• Linking sight and movement

    From ScienceDaily@1337:3/111 to All on Fri Aug 14 21:30:26 2020
    Linking sight and movement
    Researchers key in on finding that can help self-driving cars 'see'

    Date:
    August 14, 2020
    Source:
    Harvard University
    Summary:
    Researchers found that image-processing circuits in the primary
    visual cortex not only are more active when animals move freely,
    but that they receive signals from a movement-controlling region
    of the brain that is independent from the region that processes
    what the animal is looking at.



    FULL STORY ==========================================================================
    To get a better look at the world around them, animals constantly are
    in motion.

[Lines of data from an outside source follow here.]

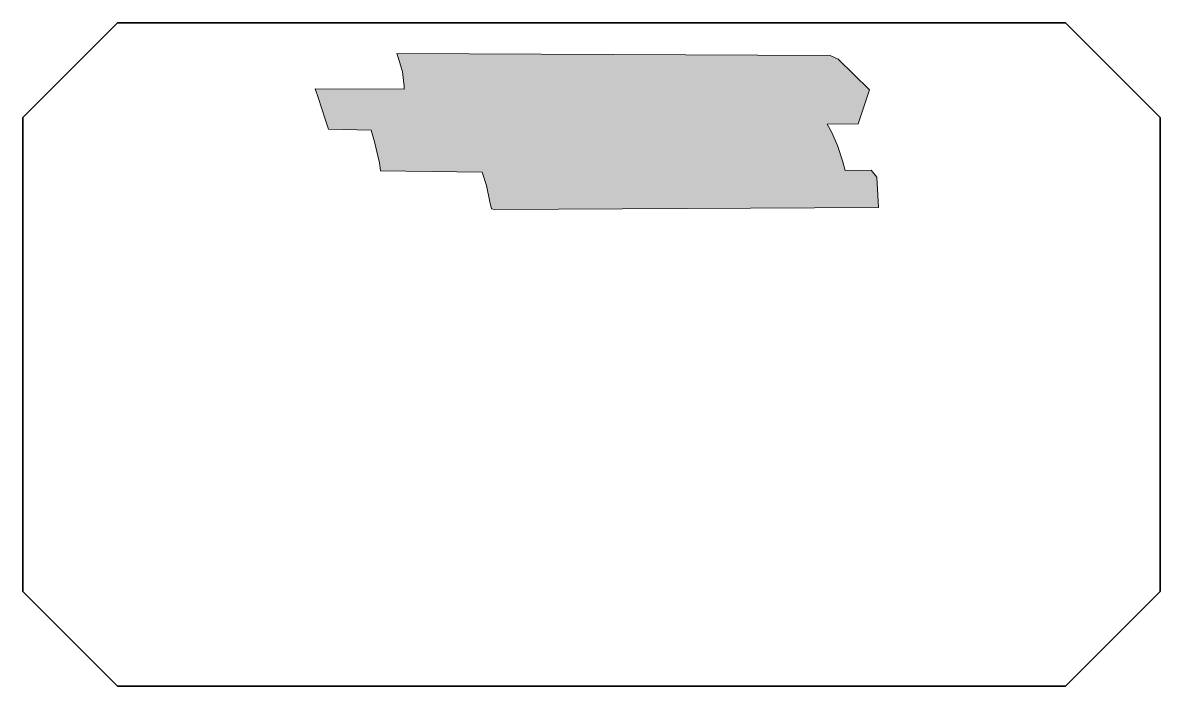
# Model space of a CAD drawing. Extents: x 6 to 143, y -103 to -23.
import ezdxf

# ---------------------------------------------------------------- set-up
doc = ezdxf.new("R2010")
doc.units = 0
doc.header["$MEASUREMENT"] = 0
doc.layers.add('EdgeTop', color=7, linetype='Continuous', lineweight=0)
doc.layers.add('VoidB-Title', color=7, linetype='Continuous', lineweight=0)

msp = doc.modelspace()

# ---------------------------------------------------------------- hatches: boundary and pattern name
at = {"layer": 'VoidB-Title', "true_color": 0xf8e1ca, "transparency": 33554687}
h = msp.add_hatch(color=254, dxfattribs=at)
h.dxf.hatch_style = 2
h.paths.add_polyline_path([(62.61, -45.36), (108.89, -45.14), (108.7, -41.46), (108, -40.62), (104.88, -40.66), (104.6, -39.63), (103.94, -37.64), (103.23, -36.02), (102.71, -35.07), (106.43, -35.03), (107.79, -30.93), (104.04, -27.24), (103.07, -26.79), (50.82, -26.55), (51.06, -27.3), (51.49, -28.78), (51.71, -30.52), (51.71, -30.87), (40.96, -30.84), (41.34, -31.88), (42.22, -34.59), (42.57, -35.69), (47.71, -35.79), (48.14, -37.21), (48.73, -39.76), (48.84, -40.72), (61.11, -40.88), (61.64, -42.49), (62.04, -44.45), (62.21, -45.28)])

# ---------------------------------------------------------------- linework, layer by layer
at = {"layer": 'EdgeTop', "color": 250, "lineweight": 35, "true_color": 0x231f20}
msp.add_lwpolyline([(142.86, -91.43), (142.86, -34.29), (131.43, -22.86), (17.14, -22.86), (5.71, -34.29), (5.71, -91.43), (17.14, -102.86), (131.43, -102.86)], close=True, dxfattribs=at)
at = {"layer": 'VoidB-Title', "color": 30, "lineweight": 9, "true_color": 0xf38a20}
msp.add_lwpolyline([(62.61, -45.36), (108.89, -45.14), (108.7, -41.46), (108, -40.62), (104.88, -40.66), (104.6, -39.63), (103.94, -37.64), (103.23, -36.02), (102.71, -35.07), (106.43, -35.03), (107.79, -30.93), (104.04, -27.24), (103.07, -26.79), (50.82, -26.55), (51.06, -27.3), (51.49, -28.78), (51.71, -30.52), (51.71, -30.87), (40.96, -30.84), (41.34, -31.88), (42.22, -34.59), (42.57, -35.69), (47.71, -35.79), (48.14, -37.21), (48.73, -39.76), (48.84, -40.72), (61.11, -40.88), (61.64, -42.49), (62.04, -44.45), (62.21, -45.28)], close=True, dxfattribs=at)

doc.saveas('drawing.dxf')
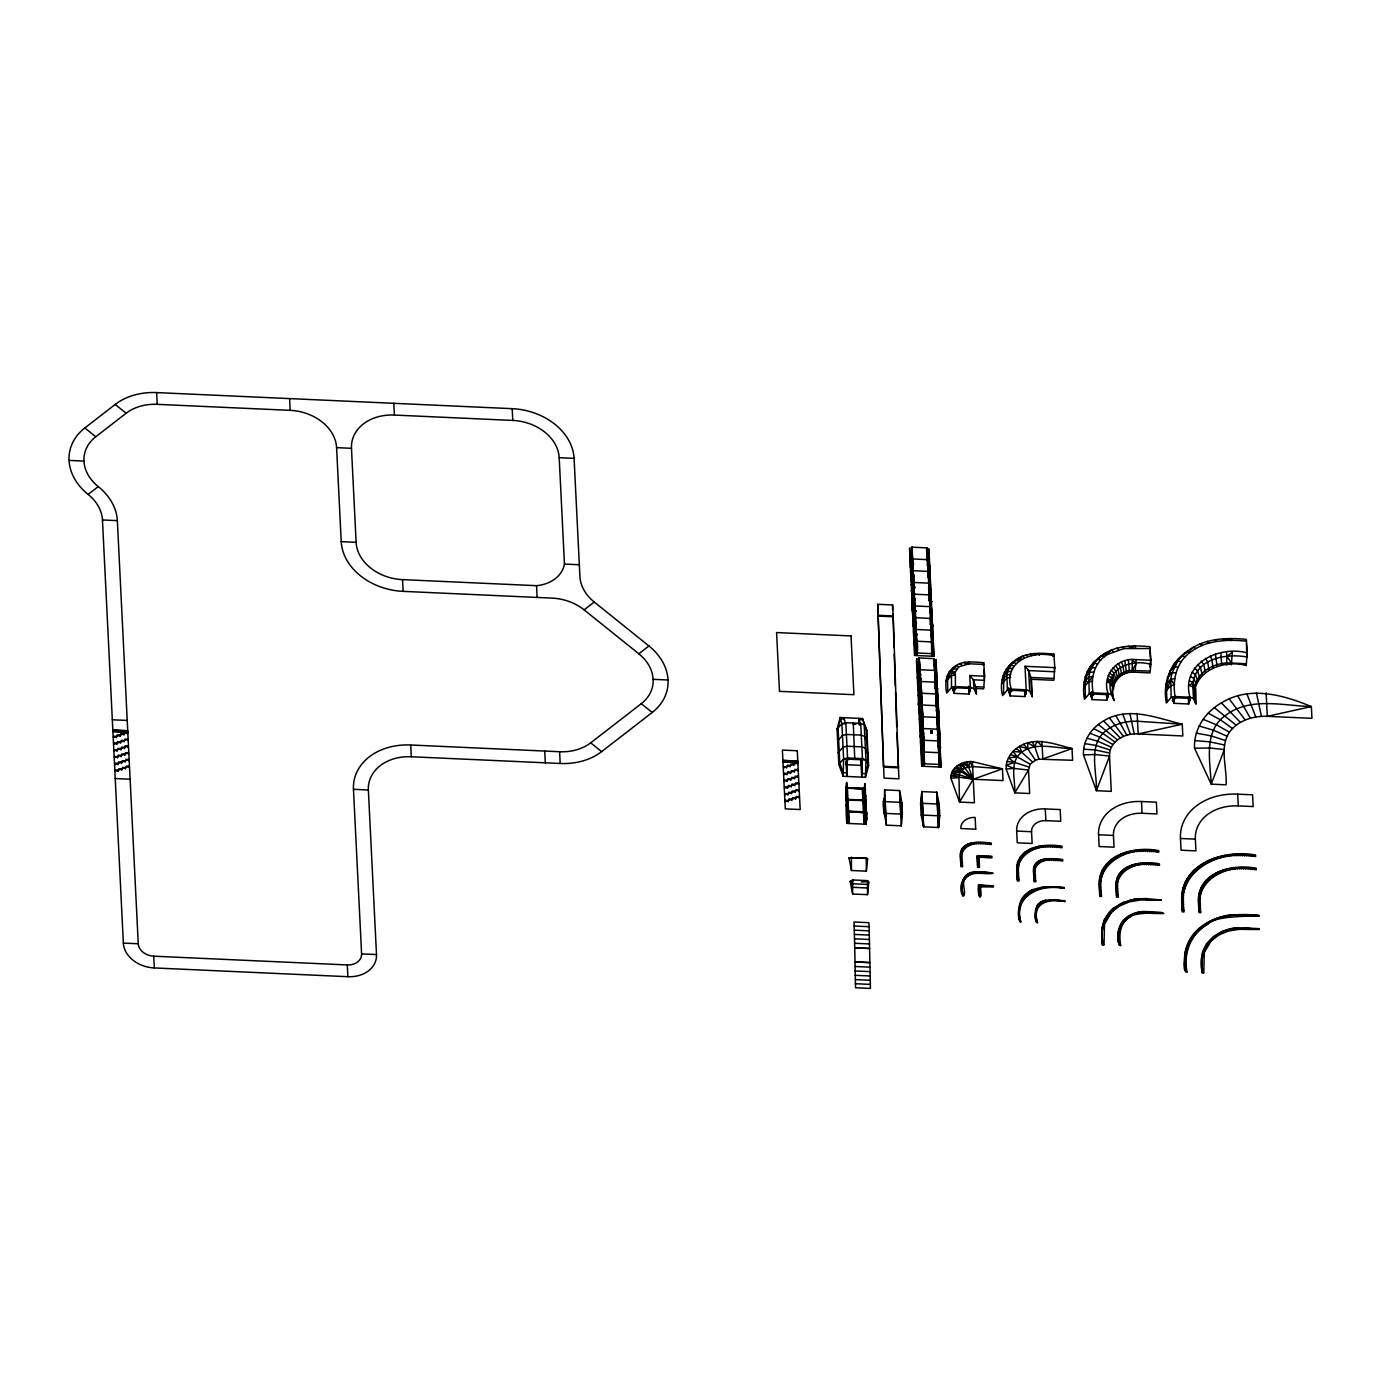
<?xml version="1.0" encoding="UTF-8"?>
<svg xmlns="http://www.w3.org/2000/svg" width="1381" height="1381" viewBox="0 0 1381 1381"><rect width="100%" height="100%" fill="white"/><g stroke="black" fill="none" stroke-linecap="round" stroke-linejoin="round"><path stroke-width="1.5" d="M852.681 879.956L852.629 893.99L867.527 894.664L868.77 882.269L867.579 880.629L852.681 879.956L850.161 881.423L852.629 893.99M867.579 880.629L867.527 894.664M930.932 636.158L931.157 634.69L932.365 634.759C928.757 601.46 931.623 630.996 931.485 635.243L931.674 656.217M931.018 732.81L932.21 733.328M932.089 732.966C930.224 727.476 932.417 736.246 932.089 732.12M931.83 731.378L930.759 730.998M976.194 688.498L983.635 688.843L984.67 676.207L983.704 662.673C973.053 662.051 959.864 659.721 952.044 669.095L957.188 665.901C945.933 669.975 944.569 682.801 946.71 693.02L951.509 687.6L955.462 686.616L970.36 687.289L973.847 688.618L976.488 694.367L976.194 688.498L973.415 679.797L969.773 675.533L984.67 676.207M1054.808 667.644L1025.03 666.298L1028.672 670.579L1031.452 679.279L1053.789 680.281L1054.808 667.644L1053.858 654.128C1039.582 652.712 1022.441 651.849 1011.824 663.501L1015.363 661.136M1111.584 694.85L1108.08 693.521C1101.434 675.119 1117.505 657.114 1136.131 659.6L1135.096 672.236C1119.594 670.165 1108.46 686.133 1114.225 700.599C1099.293 673.168 1126.861 657.408 1150.925 664.382L1150.062 646.757C1132.092 644.892 1111.239 645.307 1097.688 659.117L1106.112 652.643L1108.719 653.921L1124.048 648.535L1150.442 648.518M1146.351 899.963L1161.266 900.032L1140.533 899.998L1129.399 901.862L1119.525 906.005L1111.601 912.15L1104.507 924.131L1104.006 944.949L1102.142 944.863L1101.727 928.343L1104.403 919.211L1113.915 907.749L1123.547 902.449L1118.679 904.866M1147.076 913.186C1190.284 914.843 1136.667 909.837 1130.245 916.967C1119.594 922.249 1118.8 935.42 1120.768 945.709C1115.33 942.187 1117.816 925.149 1123.771 919.832C1133.611 909.665 1149.165 911.408 1161.887 912.513L1161.922 913.255M1195.566 703.119C1187.695 673.686 1222.116 658.444 1246.197 665.538L1247.216 652.902L1246.266 639.386C1224.602 637.124 1200.003 638.678 1183.5 654.68L1189.87 650.399M1243.729 916.086C1292.046 916.691 1211.569 913.186 1207.943 924.165C1190.595 933.107 1183.293 953.615 1187.073 972.155C1181.359 970.826 1186.124 959.07 1184.829 954.012C1185.934 945.502 1189.973 937.595 1195.86 931.381C1212 914.723 1236.858 912.979 1258.609 915.43L1258.643 916.173M1244.436 929.309L1259.299 929.378L1238.809 929.344L1228.123 931.139L1218.663 935.127L1211.068 940.996L1204.267 952.493L1203.818 972.915L1201.953 972.828L1202.454 952.027L1206.493 943.724L1213.226 936.75L1222.202 931.554L1232.801 928.515L1244.385 927.98L1259.299 929.378M1247.147 657.011C1226.915 653.299 1196.809 658.081 1193.046 682.594L1195.687 688.739L1196.119 704.31L1193.477 698.562L1189.99 697.232L1175.093 696.542L1171.14 697.543L1166.341 702.964C1162.474 683.198 1170.225 662.431 1187.332 651.28L1190.284 652.315C1206.2 639.904 1227.416 639.299 1246.646 641.147M843.101 776.295L843.618 758.946L841.875 723.696L840.2 717.533L862.538 718.534L866.836 730.463L868.58 765.713L865.438 777.296L843.101 776.295L838.802 764.366L837.059 729.116L840.2 717.533M838.802 764.366L843.618 758.946L847.33 759.118L846.829 776.467L846.052 760.793M868.58 765.713L865.956 759.964L862.227 759.792L861.727 777.14L860.812 758.618M865.438 777.296L865.956 759.964L864.213 724.697L862.538 718.534M1190.284 652.315C1176.284 662.259 1172.262 680.384 1175.093 696.542M884.461 795.749L884.634 789.897L899.532 790.571C902.294 802.223 902.967 813.979 901.275 825.838L886.378 825.165C885.256 815.636 880.957 804.519 884.928 795.784M966.631 761.967L973.242 779.247L959.519 802.085L950.922 778.245C950.439 767.215 962.574 760.741 972.379 761.621L1002.451 768.837L1003.038 780.593L973.242 779.247L950.991 775.949L958.897 774.62L973.242 779.247L1002.451 768.837L972.845 766.559L965.492 767.801L962.488 769.528L958.897 774.62L959.519 802.085L974.416 802.758L972.379 761.621M1031.452 679.279L1032.332 696.904L1029.691 691.139L1026.187 689.81L1011.306 689.136L1007.353 690.137L1002.537 695.558C998.722 680.781 1004.954 663.916 1019.955 658.564M1006.179 769.01C1005.644 759.585 1011.548 750.867 1019.592 746.361C1035.957 736.246 1055.205 744.445 1072.019 748.537L1072.605 760.292L1038.978 759.17L1035.457 760.189L1030.209 764.245L1028.517 770.028L1029.674 793.523L1014.776 792.849L1006.179 769.01L1013.792 768.423L1028.517 770.028L1014.776 792.849C1015.432 779.523 1008.941 761.863 1021.698 752.196C1036.423 741.511 1055.516 748.537 1072.019 748.537L1042.81 758.946L1041.947 741.321M1011.306 689.136C1002.537 661.741 1032.332 649.812 1054.221 655.906M1098.482 658.409C1085.259 667.42 1081.72 684.303 1084.448 699.252L1089.246 693.832L1093.2 692.848L1108.08 693.521M1083.481 754.924C1082.669 740.786 1091.542 727.701 1103.592 720.934C1128.156 705.777 1157.019 718.068 1182.24 724.214L1182.827 735.969L1138.151 733.932C1125.066 732.776 1108.908 741.39 1109.53 756.098L1111.273 791.365L1096.393 790.692L1083.481 754.924L1094.822 754.492L1109.53 756.098L1096.393 790.692C1097.135 771.219 1087.33 744.152 1106.682 730.152C1115.503 723.471 1126.81 720.83 1137.754 721.262L1182.24 724.214L1138.151 733.932L1137.133 713.373M1099.172 884.634C1098.689 854.908 1134.992 845.621 1158.78 850.679L1158.849 852.146C1131.022 844.412 1092.043 862.849 1101.606 896.459L1099.759 896.39L1099.172 884.634L1101.037 884.72M1102.659 944.656C1099.725 931.45 1103.626 915.465 1113.915 907.749M1103.592 944.69C1095.703 918.417 1121.32 896.183 1146.368 899.359M1115.917 885.394C1115.883 863.902 1143.33 860.346 1159.436 863.902L1159.505 865.369C1138.41 859.379 1109.668 870.738 1118.368 897.218L1116.504 897.132L1115.917 885.394L1117.781 885.48M1119.404 945.415C1112.603 927.065 1129.037 909.509 1146.938 911.719M1120.336 945.45C1113.846 927.756 1129.037 910.165 1147.076 912.582M1181.653 900.084C1180.807 863.073 1225.068 848.97 1255.571 855.063L1255.64 856.531C1221.305 848.038 1174.057 871.048 1184.087 911.926L1182.222 911.84L1181.653 900.084L1183.517 900.17M1247.216 652.902C1219.388 645.169 1180.41 663.605 1189.99 697.232M1185.709 971.861C1177.544 940.893 1206.718 914.55 1235.65 914.671M1186.642 971.913C1177.872 938.113 1212.363 911.684 1243.729 915.482M1194.565 748.226C1193.495 729.375 1205.32 711.923 1221.391 702.912C1249.512 685.459 1283.053 694.798 1311.363 706.589L1311.95 718.344L1267.275 716.325C1254.759 715.824 1241.519 719.432 1232.525 728.512C1217.679 743.513 1227.329 766.662 1226.086 784.822L1211.206 784.149L1194.565 748.226L1209.635 747.967L1224.343 749.572L1211.206 784.149C1210.222 761.483 1203.144 731.05 1225.448 715.513C1250.012 696.507 1283.312 705.76 1311.363 706.589L1267.275 716.325L1266.118 692.813M1198.397 900.844C1197.966 872.032 1233.268 863.349 1256.209 868.286L1256.296 869.754C1229.263 862.107 1191.337 879.973 1200.849 912.686L1198.984 912.599L1198.397 900.844L1200.262 900.93M1202.471 972.621C1195.29 949.196 1216.074 927.669 1238.481 927.877M1203.403 972.673C1195.635 947.314 1220.165 925.598 1244.454 928.723M932.002 731.412L932.089 730.756M1093.2 692.848C1090.11 678.157 1094.529 661.119 1108.719 653.921M992.818 873.344C984.964 875.036 971.792 869.823 965.284 878.575C960.641 882.96 967.494 894.612 962.816 895.82C956.722 885.325 965.612 869.84 977.696 871.808L992.818 873.344C976.557 868.684 956.187 875.002 963.748 895.855M993.474 886.567L980.406 886.585L993.474 886.567L978.473 885.031C977.058 897.357 982.599 903.519 980.406 886.585M1064.13 888.311C1042.275 883.477 1012.981 894.923 1020.749 921.887C1016.451 918.02 1018.47 904.003 1022.337 897.995C1031.97 885.014 1049.836 886.447 1064.095 887.569L1064.13 888.311C1041.706 882.632 1012.446 894.111 1020.749 921.887M1064.786 901.534C1048.68 898.686 1031.417 902.345 1037.494 922.646C1033.609 921.162 1034.87 909.768 1037.183 905.28C1043.777 896.908 1055.774 901.172 1064.682 900.654L1064.786 901.534C1049.215 897.08 1030.105 902.604 1037.494 922.646M1132.196 672.254L1132.247 659.617L1136.045 663.709L1132.282 670.476C1117.333 670.078 1108.667 685.925 1113.673 699.407M984.204 678.537L984.256 673.704M1054.359 669.975L1054.514 667.351M1246.767 655.233L1246.491 643.788M921.869 791.589L921.092 803.034L923.596 826.839L938.493 827.512L939.77 815.843L939.201 804.087L936.75 792.262L921.869 791.589L920.575 803.259L921.162 815.014L923.596 826.839L921.869 791.589L923.596 826.839M938.493 827.512L939.356 815.601L936.75 792.262L938.493 827.512L936.75 792.262M954.996 767.715L973.242 779.247L961.331 763.469L969.013 766.783L969.479 761.639L972.845 766.559M866.37 871.169L867.613 858.758L866.267 857.808L849.004 857.912L851.473 870.496L866.37 871.169L866.267 857.808M931.933 634.967L932.054 641.923L933.349 642.562L932.175 653.662L917.277 652.989L914.446 636.002L915.948 635.484L916.777 655.543M911.823 548.361L909.596 548.257L910.459 565.744L912.064 547.204L926.944 547.877L929.154 560.876L926.72 549.034L928.947 549.137L929.448 566.607M919.763 674.808L920.419 675.775L919.176 657.977L917.675 670.821L919.176 657.977L934.074 658.651L936.387 671.08L937.147 689.136M1150.925 664.382L1149.993 672.91L1135.096 672.236L1132.282 670.476L1150.183 671.131M1231.3 664.865L1232.335 652.229L1226.915 656.372L1226.466 664.9L1231.507 663.087L1246.387 663.76M960.278 854.891C961.055 839.803 981.045 841.771 991.265 843.101L991.334 844.568C975.245 839.941 955.203 846.087 962.712 866.733L960.848 866.647L960.278 854.891L962.143 854.977M962.816 895.82C961.124 887.879 961.366 876.348 969.531 873.189M1016.692 869.167C1016.968 846.657 1044.761 842.945 1061.989 846.294L1062.058 847.761C1039.858 842.134 1010.857 853.458 1019.143 881.009L1017.279 880.923L1016.692 869.167L1018.557 869.253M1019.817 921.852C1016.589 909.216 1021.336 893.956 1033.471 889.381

Primates and people use complex eye movements to focus their
    vision (as humans do when reading, for instance); birds, insects, and
    rodents do the same by moving their heads, and can even estimate distances
    that way. Yet how these movements play out in the elaborate circuitry of neurons that the brain uses to "see" is largely unknown. And it could be
    a potential problem area as scientists create artificial neural networks
    that mimic how vision works in self-driving cars.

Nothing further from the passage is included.